» Required action
The response should contain only those lines of the entries below that include the string "mechanical".

» Records supplied
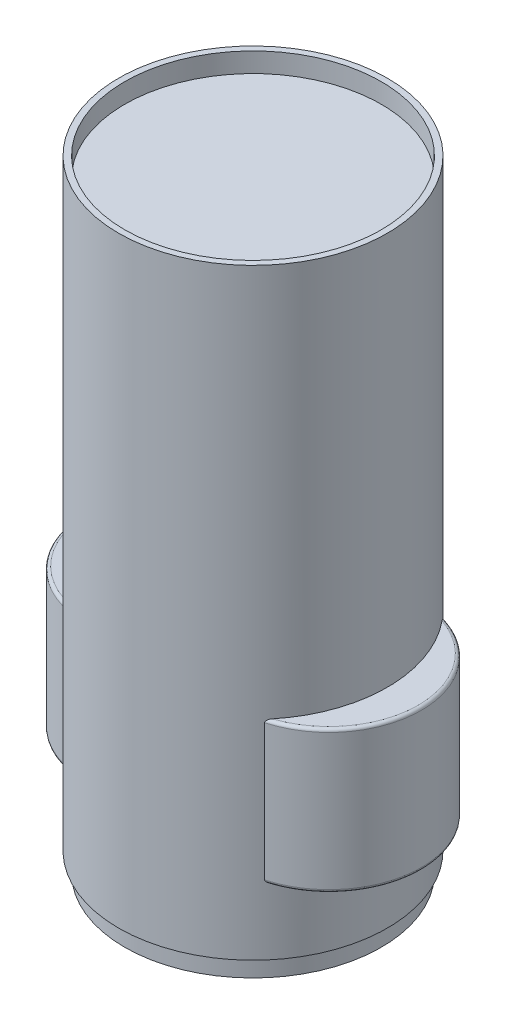
ISO-10303-21;
HEADER;
FILE_DESCRIPTION(('STEP AP214'),'2;1');
FILE_NAME('part.step','',(''),(''),'','','');
FILE_SCHEMA(('AUTOMOTIVE_DESIGN { 1 0 10303 214 1 1 1 1 }'));
ENDSEC;
DATA;
#1=APPLICATION_CONTEXT('core data for automotive mechanical design processes');
#2=APPLICATION_PROTOCOL_DEFINITION('international standard','automotive_design',2000,#1);
#3=PRODUCT_CONTEXT('',#1,'mechanical');
#4=PRODUCT('Part','Part','',(#3));
#5=PRODUCT_RELATED_PRODUCT_CATEGORY('part','',(#4));
#6=PRODUCT_DEFINITION_FORMATION('','',#4);
#7=PRODUCT_DEFINITION_CONTEXT('part definition',#1,'design');
#8=PRODUCT_DEFINITION('design','',#6,#7);
#9=PRODUCT_DEFINITION_SHAPE('','',#8);
#10=(LENGTH_UNIT() NAMED_UNIT(*) SI_UNIT(.MILLI.,.METRE.));
#11=(NAMED_UNIT(*) PLANE_ANGLE_UNIT() SI_UNIT($,.RADIAN.));
#12=(NAMED_UNIT(*) SI_UNIT($,.STERADIAN.) SOLID_ANGLE_UNIT());
#13=UNCERTAINTY_MEASURE_WITH_UNIT(LENGTH_MEASURE(1.E-05),#10,'distance_accuracy_value','');
#14=(GEOMETRIC_REPRESENTATION_CONTEXT(3) GLOBAL_UNCERTAINTY_ASSIGNED_CONTEXT((#13)) GLOBAL_UNIT_ASSIGNED_CONTEXT((#10,
#11,#12)) REPRESENTATION_CONTEXT('',''));
#15=CARTESIAN_POINT('',(0.,0.,0.));
#16=DIRECTION('',(0.,0.,1.));
#17=DIRECTION('',(1.,0.,0.));
#18=AXIS2_PLACEMENT_3D('',#15,#16,#17);
#19=CARTESIAN_POINT('',(0.,199.3,0.));
#20=DIRECTION('',(0.,1.,0.));
#21=DIRECTION('',(0.,0.,1.));
#22=AXIS2_PLACEMENT_3D('',#19,#20,#21);
#23=CYLINDRICAL_SURFACE('',#22,44.5);
#24=CARTESIAN_POINT('',(0.,205.8,0.));
#25=DIRECTION('',(0.,1.,0.));
#26=DIRECTION('',(0.,0.,1.));
#27=AXIS2_PLACEMENT_3D('',#24,#25,#26);
#28=CIRCLE('',#27,44.5);
#29=CARTESIAN_POINT('',(0.,205.8,44.5));
#30=VERTEX_POINT('',#29);
#31=EDGE_CURVE('E183',#30,#30,#28,.T.);
#32=ORIENTED_EDGE('',*,*,#31,.F.);
#33=EDGE_LOOP('',(#32));
#34=FACE_BOUND('',#33,.T.);
#35=CARTESIAN_POINT('',(0.,6.49999999999998,0.));
#36=DIRECTION('',(0.,1.,0.));
#37=DIRECTION('',(0.,0.,1.));
#38=AXIS2_PLACEMENT_3D('',#35,#36,#37);
#39=CIRCLE('',#38,44.5);
#40=CARTESIAN_POINT('',(0.,6.49999999999997,44.5));
#41=VERTEX_POINT('',#40);
#42=EDGE_CURVE('E186',#41,#41,#39,.T.);
#43=ORIENTED_EDGE('',*,*,#42,.T.);
#44=EDGE_LOOP('',(#43));
#45=FACE_BOUND('',#44,.T.);
#46=DIRECTION('',(0.,-1.,0.));
#47=VECTOR('',#46,1.);
#48=CARTESIAN_POINT('',(33.3282803180915,52.035,29.4868738770104));
#49=LINE('',#48,#47);
#50=CARTESIAN_POINT('',(33.3282803180915,74.57,29.4868738770104));
#51=VERTEX_POINT('',#50);
#52=CARTESIAN_POINT('',(33.3282803180915,29.5,29.4868738770104));
#53=VERTEX_POINT('',#52);
#54=EDGE_CURVE('E201',#51,#53,#49,.T.);
#55=ORIENTED_EDGE('',*,*,#54,.F.);
#56=CARTESIAN_POINT('',(33.3282803180915,74.57,29.4868738770104));
#57=CARTESIAN_POINT('',(33.3282290648274,74.6026941237317,29.4869303399323));
#58=CARTESIAN_POINT('',(33.3302284768937,74.6352940124547,29.4846719704872));
#59=CARTESIAN_POINT('',(33.3378637860314,74.6991919996134,29.4760393006147));
#60=CARTESIAN_POINT('',(33.3434638686415,74.7304997219744,29.4697055360972));
#61=CARTESIAN_POINT('',(33.3594192153649,74.7980036695551,29.4516436502028));
#62=CARTESIAN_POINT('',(33.370544747942,74.8337785634002,29.4390408183785));
#63=CARTESIAN_POINT('',(33.396485341139,74.9022007333026,29.409609914728));
#64=CARTESIAN_POINT('',(33.4113149859387,74.9348349226258,29.392765138918));
#65=CARTESIAN_POINT('',(33.4516346665935,75.0119389908455,29.346881596507));
#66=CARTESIAN_POINT('',(33.4787878172227,75.0543735176097,29.3159120704458));
#67=CARTESIAN_POINT('',(33.5368766703659,75.1324837514766,29.2494421360369));
#68=CARTESIAN_POINT('',(33.5678191018013,75.1681471396393,29.2139336624827));
#69=CARTESIAN_POINT('',(33.6276500485631,75.2290649353552,29.1450328354835));
#70=CARTESIAN_POINT('',(33.6562287820361,75.2550769395084,29.1120293654524));
#71=CARTESIAN_POINT('',(33.7146426992063,75.3032701830073,29.0443604457293));
#72=CARTESIAN_POINT('',(33.7444787823177,75.3254486202009,29.0096938037871));
#73=CARTESIAN_POINT('',(33.8355193205995,75.3870399433358,28.9035689894966));
#74=CARTESIAN_POINT('',(33.8980431408311,75.4213051613941,28.8302307541396));
#75=CARTESIAN_POINT('',(34.0079639573205,75.4709328743049,28.7004118095175));
#76=CARTESIAN_POINT('',(34.0550148833266,75.4888966803664,28.6445699545817));
#77=CARTESIAN_POINT('',(34.1496142551314,75.5192581407077,28.5317237699701));
#78=CARTESIAN_POINT('',(34.1971630299818,75.531651840051,28.4747186442662));
#79=CARTESIAN_POINT('',(34.2915505944723,75.5510828137592,28.360975315293));
#80=CARTESIAN_POINT('',(34.3383870002181,75.5582112864938,28.3042503438402));
#81=CARTESIAN_POINT('',(34.431898756543,75.5676543482635,28.1904201735461));
#82=CARTESIAN_POINT('',(34.478574245033,75.5699766769948,28.1333157348268));
#83=CARTESIAN_POINT('',(34.5250994035786,75.57,28.0761021363903));
#84=B_SPLINE_CURVE_WITH_KNOTS('',3,(#56,#57,#58,#59,#60,#61,#62,#63,#64,#65,#66,#67,#68,#69,#70,
#71,#72,#73,#74,#75,#76,#77,#78,#79,#80,#81,#82,#83),.UNSPECIFIED.,.F.,.F.,(4,2,2,2,2,2,2,2,2,2,
2,2,2,4),(0.,0.0977907833194195,0.194623619100568,0.312556690935294,0.430961628564803,
0.607381289542884,0.784118903501161,0.936359281983716,1.08871047450898,1.39455002030677,
1.61995867637769,1.84552712723387,2.06709051691682,2.28829682783787),.UNSPECIFIED.);
#85=CARTESIAN_POINT('',(34.5250994035785,75.57,28.0761021363903));
#86=VERTEX_POINT('',#85);
#87=EDGE_CURVE('E262',#51,#86,#84,.T.);
#88=ORIENTED_EDGE('',*,*,#87,.T.);
#89=CARTESIAN_POINT('',(0.,75.57,0.));
#90=DIRECTION('',(0.,-1.,0.));
#91=DIRECTION('',(0.,0.,-1.));
#92=AXIS2_PLACEMENT_3D('',#89,#90,#91);
#93=CIRCLE('',#92,44.5);
#94=CARTESIAN_POINT('',(34.5250994035785,75.57,-28.0761021363903));
#95=VERTEX_POINT('',#94);
#96=EDGE_CURVE('E200',#86,#95,#93,.F.);
#97=ORIENTED_EDGE('',*,*,#96,.T.);
#98=CARTESIAN_POINT('',(34.5250994035785,75.57,-28.0761021363903));
#99=CARTESIAN_POINT('',(34.471886137988,75.5699594992287,-28.1415416811893));
#100=CARTESIAN_POINT('',(34.4184661535623,75.566930112156,-28.2068487604138));
#101=CARTESIAN_POINT('',(34.3113889509015,75.5545478072244,-28.3370016309063));
#102=CARTESIAN_POINT('',(34.2577315120177,75.5451752217279,-28.4018453516787));
#103=CARTESIAN_POINT('',(34.1504178926029,75.519691929258,-28.5307911176014));
#104=CARTESIAN_POINT('',(34.0967631197051,75.5035470340788,-28.594887679342));
#105=CARTESIAN_POINT('',(33.9902994158401,75.4638607460808,-28.7213570976742));
#106=CARTESIAN_POINT('',(33.9374893288381,75.4403305713274,-28.7837324134913));
#107=CARTESIAN_POINT('',(33.8466803975093,75.3918891807662,-28.8904103855184));
#108=CARTESIAN_POINT('',(33.8083356271671,75.3688568274594,-28.9352690547207));
#109=CARTESIAN_POINT('',(33.7329920912511,75.3174471095592,-29.0230698624084));
#110=CARTESIAN_POINT('',(33.6959933682544,75.2890695760661,-29.0660119402794));
#111=CARTESIAN_POINT('',(33.6238337207307,75.2258820795504,-29.1494574891499));
#112=CARTESIAN_POINT('',(33.5886899967836,75.1910221530623,-29.1899385354299));
#113=CARTESIAN_POINT('',(33.5219136178637,75.1139527204496,-29.266599871983));
#114=CARTESIAN_POINT('',(33.4902726723159,75.0717612035702,-29.3027903325259));
#115=CARTESIAN_POINT('',(33.4442255225117,74.9974912433359,-29.3553143046088));
#116=CARTESIAN_POINT('',(33.427979634385,74.9680937562659,-29.3738095103277));
#117=CARTESIAN_POINT('',(33.3982889739881,74.9061176044222,-29.4075635929464));
#118=CARTESIAN_POINT('',(33.384844802923,74.8735382590694,-29.4228217752439));
#119=CARTESIAN_POINT('',(33.3615321712417,74.8049792472937,-29.4492527673272));
#120=CARTESIAN_POINT('',(33.3517118060886,74.7689613136333,-29.4603706432227));
#121=CARTESIAN_POINT('',(33.3369283456302,74.6947536654882,-29.4770985480268));
#122=CARTESIAN_POINT('',(33.3319471321069,74.6565726228997,-29.4827291221386));
#123=CARTESIAN_POINT('',(33.3292193392278,74.6101066554781,-29.4858124833861));
#124=CARTESIAN_POINT('',(33.3288674390376,74.6020923627154,-29.4862102513128));
#125=CARTESIAN_POINT('',(33.3283983710121,74.586053172617,-29.4867404526471));
#126=CARTESIAN_POINT('',(33.3282810559128,74.5780282851008,-29.4868730525174));
#127=CARTESIAN_POINT('',(33.3282803180915,74.57,-29.4868738770104));
#128=B_SPLINE_CURVE_WITH_KNOTS('',3,(#98,#99,#100,#101,#102,#103,#104,#105,#106,#107,#108,#109,
#110,#111,#112,#113,#114,#115,#116,#117,#118,#119,#120,#121,#122,#123,#124,#125,#126,#127),
.UNSPECIFIED.,.F.,.F.,(4,2,2,2,2,2,2,2,2,2,2,2,2,2,4),(0.,0.253023706346703,0.50683555079611,
0.761944417442202,1.0166676399544,1.20650028717804,1.39633893383444,1.5877064596561,
1.77861089874805,1.89335142921242,2.00811655592235,2.12435429681833,2.24015513641538,
2.26424639201346,2.28832251924724),.UNSPECIFIED.);
#129=CARTESIAN_POINT('',(33.3282803180915,74.57,-29.4868738770104));
#130=VERTEX_POINT('',#129);
#131=EDGE_CURVE('E268',#95,#130,#128,.T.);
#132=ORIENTED_EDGE('',*,*,#131,.T.);
#133=DIRECTION('',(0.,-1.,0.));
#134=VECTOR('',#133,1.);
#135=CARTESIAN_POINT('',(33.3282803180915,52.035,-29.4868738770104));
#136=LINE('',#135,#134);
#137=CARTESIAN_POINT('',(33.3282803180915,29.5,-29.4868738770104));
#138=VERTEX_POINT('',#137);
#139=EDGE_CURVE('E204',#138,#130,#136,.F.);
#140=ORIENTED_EDGE('',*,*,#139,.F.);
#141=CARTESIAN_POINT('',(33.3282803180915,29.5,-29.4868738770104));
#142=CARTESIAN_POINT('',(33.3282290648274,29.4673058762683,-29.4869303399324));
#143=CARTESIAN_POINT('',(33.3302284768936,29.4347059875453,-29.4846719704872));
#144=CARTESIAN_POINT('',(33.3378637860314,29.3708080003866,-29.4760393006147));
#145=CARTESIAN_POINT('',(33.3434638686415,29.3395002780256,-29.4697055360972));
#146=CARTESIAN_POINT('',(33.3594192153649,29.2719963304449,-29.4516436502028));
#147=CARTESIAN_POINT('',(33.370544747942,29.2362214365998,-29.4390408183785));
#148=CARTESIAN_POINT('',(33.396485341139,29.1677992666973,-29.409609914728));
#149=CARTESIAN_POINT('',(33.4113149859387,29.1351650773742,-29.3927651389181));
#150=CARTESIAN_POINT('',(33.4516346665935,29.0580610091545,-29.3468815965071));
#151=CARTESIAN_POINT('',(33.4787878172227,29.0156264823903,-29.3159120704458));
#152=CARTESIAN_POINT('',(33.5368766703659,28.9375162485234,-29.2494421360369));
#153=CARTESIAN_POINT('',(33.5678191018013,28.9018528603607,-29.2139336624827));
#154=CARTESIAN_POINT('',(33.6276500485631,28.8409350646448,-29.1450328354835));
#155=CARTESIAN_POINT('',(33.6562287820361,28.8149230604916,-29.1120293654524));
#156=CARTESIAN_POINT('',(33.7146426992063,28.7667298169927,-29.0443604457293));
#157=CARTESIAN_POINT('',(33.7444787823177,28.7445513797991,-29.0096938037871));
#158=CARTESIAN_POINT('',(33.8355193205995,28.6829600566642,-28.9035689894966));
#159=CARTESIAN_POINT('',(33.898043140831,28.6486948386059,-28.8302307541397));
#160=CARTESIAN_POINT('',(34.0079639573205,28.5990671256951,-28.7004118095175));
#161=CARTESIAN_POINT('',(34.0550148833266,28.5811033196336,-28.6445699545817));
#162=CARTESIAN_POINT('',(34.1496142551314,28.5507418592922,-28.5317237699702));
#163=CARTESIAN_POINT('',(34.1971630299818,28.538348159949,-28.4747186442662));
#164=CARTESIAN_POINT('',(34.2915505944723,28.5189171862408,-28.360975315293));
#165=CARTESIAN_POINT('',(34.338387000218,28.5117887135062,-28.3042503438402));
#166=CARTESIAN_POINT('',(34.431898756543,28.5023456517365,-28.1904201735462));
#167=CARTESIAN_POINT('',(34.478574245033,28.5000233230052,-28.1333157348268));
#168=CARTESIAN_POINT('',(34.5250994035785,28.5,-28.0761021363903));
#169=B_SPLINE_CURVE_WITH_KNOTS('',3,(#141,#142,#143,#144,#145,#146,#147,#148,#149,#150,#151,
#152,#153,#154,#155,#156,#157,#158,#159,#160,#161,#162,#163,#164,#165,#166,#167,#168),
.UNSPECIFIED.,.F.,.F.,(4,2,2,2,2,2,2,2,2,2,2,2,2,4),(0.,0.0977907833194221,0.194623619100572,
0.312556690935311,0.430961628564806,0.607381289542887,0.784118903501163,0.936359281983706,
1.08871047450897,1.39455002030677,1.61995867637769,1.84552712723387,2.06709051691681,
2.28829682783787),.UNSPECIFIED.);
#170=CARTESIAN_POINT('',(34.5250994035785,28.5,-28.0761021363903));
#171=VERTEX_POINT('',#170);
#172=EDGE_CURVE('E240',#138,#171,#169,.T.);
#173=ORIENTED_EDGE('',*,*,#172,.T.);
#174=CARTESIAN_POINT('',(0.,28.5,0.));
#175=DIRECTION('',(0.,-1.,0.));
#176=DIRECTION('',(0.,0.,-1.));
#177=AXIS2_PLACEMENT_3D('',#174,#175,#176);
#178=CIRCLE('',#177,44.5);
#179=CARTESIAN_POINT('',(34.5250994035786,28.5,28.0761021363903));
#180=VERTEX_POINT('',#179);
#181=EDGE_CURVE('E195',#180,#171,#178,.F.);
#182=ORIENTED_EDGE('',*,*,#181,.F.);
#183=CARTESIAN_POINT('',(34.5250994035785,28.5,28.0761021363903));
#184=CARTESIAN_POINT('',(34.4718861379881,28.5000405007713,28.1415416811893));
#185=CARTESIAN_POINT('',(34.4184661535623,28.503069887844,28.2068487604138));
#186=CARTESIAN_POINT('',(34.3113889509015,28.5154521927756,28.3370016309063));
#187=CARTESIAN_POINT('',(34.2577315120177,28.5248247782721,28.4018453516786));
#188=CARTESIAN_POINT('',(34.1504178926029,28.550308070742,28.5307911176014));
#189=CARTESIAN_POINT('',(34.0967631197051,28.5664529659212,28.594887679342));
#190=CARTESIAN_POINT('',(33.9902994158401,28.6061392539192,28.7213570976741));
#191=CARTESIAN_POINT('',(33.9374893288382,28.6296694286726,28.7837324134913));
#192=CARTESIAN_POINT('',(33.8466803975093,28.6781108192338,28.8904103855184));
#193=CARTESIAN_POINT('',(33.8083356271672,28.7011431725406,28.9352690547207));
#194=CARTESIAN_POINT('',(33.7329920912511,28.7525528904408,29.0230698624084));
#195=CARTESIAN_POINT('',(33.6959933682544,28.7809304239339,29.0660119402794));
#196=CARTESIAN_POINT('',(33.6238337207308,28.8441179204496,29.1494574891499));
#197=CARTESIAN_POINT('',(33.5886899967836,28.8789778469376,29.1899385354299));
#198=CARTESIAN_POINT('',(33.5219136178638,28.9560472795504,29.266599871983));
#199=CARTESIAN_POINT('',(33.4902726723159,28.9982387964297,29.3027903325258));
#200=CARTESIAN_POINT('',(33.4442255225117,29.0725087566641,29.3553143046088));
#201=CARTESIAN_POINT('',(33.427979634385,29.1019062437341,29.3738095103276));
#202=CARTESIAN_POINT('',(33.3982889739881,29.1638823955777,29.4075635929464));
#203=CARTESIAN_POINT('',(33.384844802923,29.1964617409306,29.4228217752438));
#204=CARTESIAN_POINT('',(33.3615321712417,29.2650207527063,29.4492527673272));
#205=CARTESIAN_POINT('',(33.3517118060886,29.3010386863667,29.4603706432227));
#206=CARTESIAN_POINT('',(33.3369283456302,29.3752463345118,29.4770985480268));
#207=CARTESIAN_POINT('',(33.3319471321069,29.4134273771003,29.4827291221386));
#208=CARTESIAN_POINT('',(33.3292193392278,29.4598933445218,29.4858124833861));
#209=CARTESIAN_POINT('',(33.3288674390376,29.4679076372845,29.4862102513128));
#210=CARTESIAN_POINT('',(33.3283983710121,29.483946827383,29.4867404526471));
#211=CARTESIAN_POINT('',(33.3282810559129,29.4919717148992,29.4868730525174));
#212=CARTESIAN_POINT('',(33.3282803180915,29.5,29.4868738770104));
#213=B_SPLINE_CURVE_WITH_KNOTS('',3,(#183,#184,#185,#186,#187,#188,#189,#190,#191,#192,#193,
#194,#195,#196,#197,#198,#199,#200,#201,#202,#203,#204,#205,#206,#207,#208,#209,#210,#211,#212),
.UNSPECIFIED.,.F.,.F.,(4,2,2,2,2,2,2,2,2,2,2,2,2,2,4),(0.,0.253023706346701,0.50683555079612,
0.761944417442207,1.0166676399544,1.20650028717802,1.39633893383443,1.58770645965609,
1.77861089874804,1.8933514292124,2.00811655592233,2.1243542968183,2.24015513641535,
2.26424639201344,2.28832251924726),.UNSPECIFIED.);
#214=EDGE_CURVE('E234',#180,#53,#213,.T.);
#215=ORIENTED_EDGE('',*,*,#214,.T.);
#216=EDGE_LOOP('',(#55,#88,#97,#132,#140,#173,#182,#215));
#217=FACE_BOUND('',#216,.T.);
#218=CARTESIAN_POINT('',(0.,175.57,0.));
#219=DIRECTION('',(0.,-1.,0.));
#220=DIRECTION('',(0.,0.,1.));
#221=AXIS2_PLACEMENT_3D('',#218,#219,#220);
#222=CIRCLE('',#221,44.5);
#223=CARTESIAN_POINT('',(-44.2097122743787,175.57,5.07457787571034));
#224=VERTEX_POINT('',#223);
#225=CARTESIAN_POINT('',(-44.2097122743787,175.57,-5.07457787571028));
#226=VERTEX_POINT('',#225);
#227=EDGE_CURVE('E403',#224,#226,#222,.T.);
#228=ORIENTED_EDGE('',*,*,#227,.F.);
#229=DIRECTION('',(0.,-1.,0.));
#230=VECTOR('',#229,1.);
#231=CARTESIAN_POINT('',(-44.2097122743787,175.57,5.07457787571032));
#232=LINE('',#231,#230);
#233=CARTESIAN_POINT('',(-44.2097122743787,75.57,5.0745778757103));
#234=VERTEX_POINT('',#233);
#235=EDGE_CURVE('E173',#224,#234,#232,.T.);
#236=ORIENTED_EDGE('',*,*,#235,.T.);
#237=CARTESIAN_POINT('',(-34.5250994035785,75.57,28.0761021363903));
#238=VERTEX_POINT('',#237);
#239=EDGE_CURVE('E210',#234,#238,#93,.F.);
#240=ORIENTED_EDGE('',*,*,#239,.T.);
#241=CARTESIAN_POINT('',(-34.5250994035785,75.57,28.0761021363903));
#242=CARTESIAN_POINT('',(-34.4718861379881,75.5699594992286,28.1415416811893));
#243=CARTESIAN_POINT('',(-34.4184661535623,75.566930112156,28.2068487604138));
#244=CARTESIAN_POINT('',(-34.3113889509015,75.5545478072243,28.3370016309063));
#245=CARTESIAN_POINT('',(-34.2577315120177,75.5451752217279,28.4018453516786));
#246=CARTESIAN_POINT('',(-34.1504178926029,75.519691929258,28.5307911176014));
#247=CARTESIAN_POINT('',(-34.0967631197051,75.5035470340788,28.594887679342));
#248=CARTESIAN_POINT('',(-33.9902994158401,75.4638607460808,28.7213570976742));
#249=CARTESIAN_POINT('',(-33.9374893288381,75.4403305713274,28.7837324134913));
#250=CARTESIAN_POINT('',(-33.8466803975093,75.3918891807662,28.8904103855184));
#251=CARTESIAN_POINT('',(-33.8083356271672,75.3688568274594,28.9352690547207));
#252=CARTESIAN_POINT('',(-33.7329920912511,75.3174471095592,29.0230698624084));
#253=CARTESIAN_POINT('',(-33.6959933682544,75.2890695760661,29.0660119402794));
#254=CARTESIAN_POINT('',(-33.6238337207308,75.2258820795504,29.1494574891499));
#255=CARTESIAN_POINT('',(-33.5886899967836,75.1910221530623,29.1899385354299));
#256=CARTESIAN_POINT('',(-33.5219136178638,75.1139527204496,29.266599871983));
#257=CARTESIAN_POINT('',(-33.4902726723159,75.0717612035703,29.3027903325258));
#258=CARTESIAN_POINT('',(-33.4442255225117,74.9974912433359,29.3553143046088));
#259=CARTESIAN_POINT('',(-33.427979634385,74.9680937562659,29.3738095103276));
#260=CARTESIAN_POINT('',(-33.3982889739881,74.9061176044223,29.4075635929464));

» Answer for this exercise
#1=APPLICATION_CONTEXT('core data for automotive mechanical design processes');
#3=PRODUCT_CONTEXT('',#1,'mechanical');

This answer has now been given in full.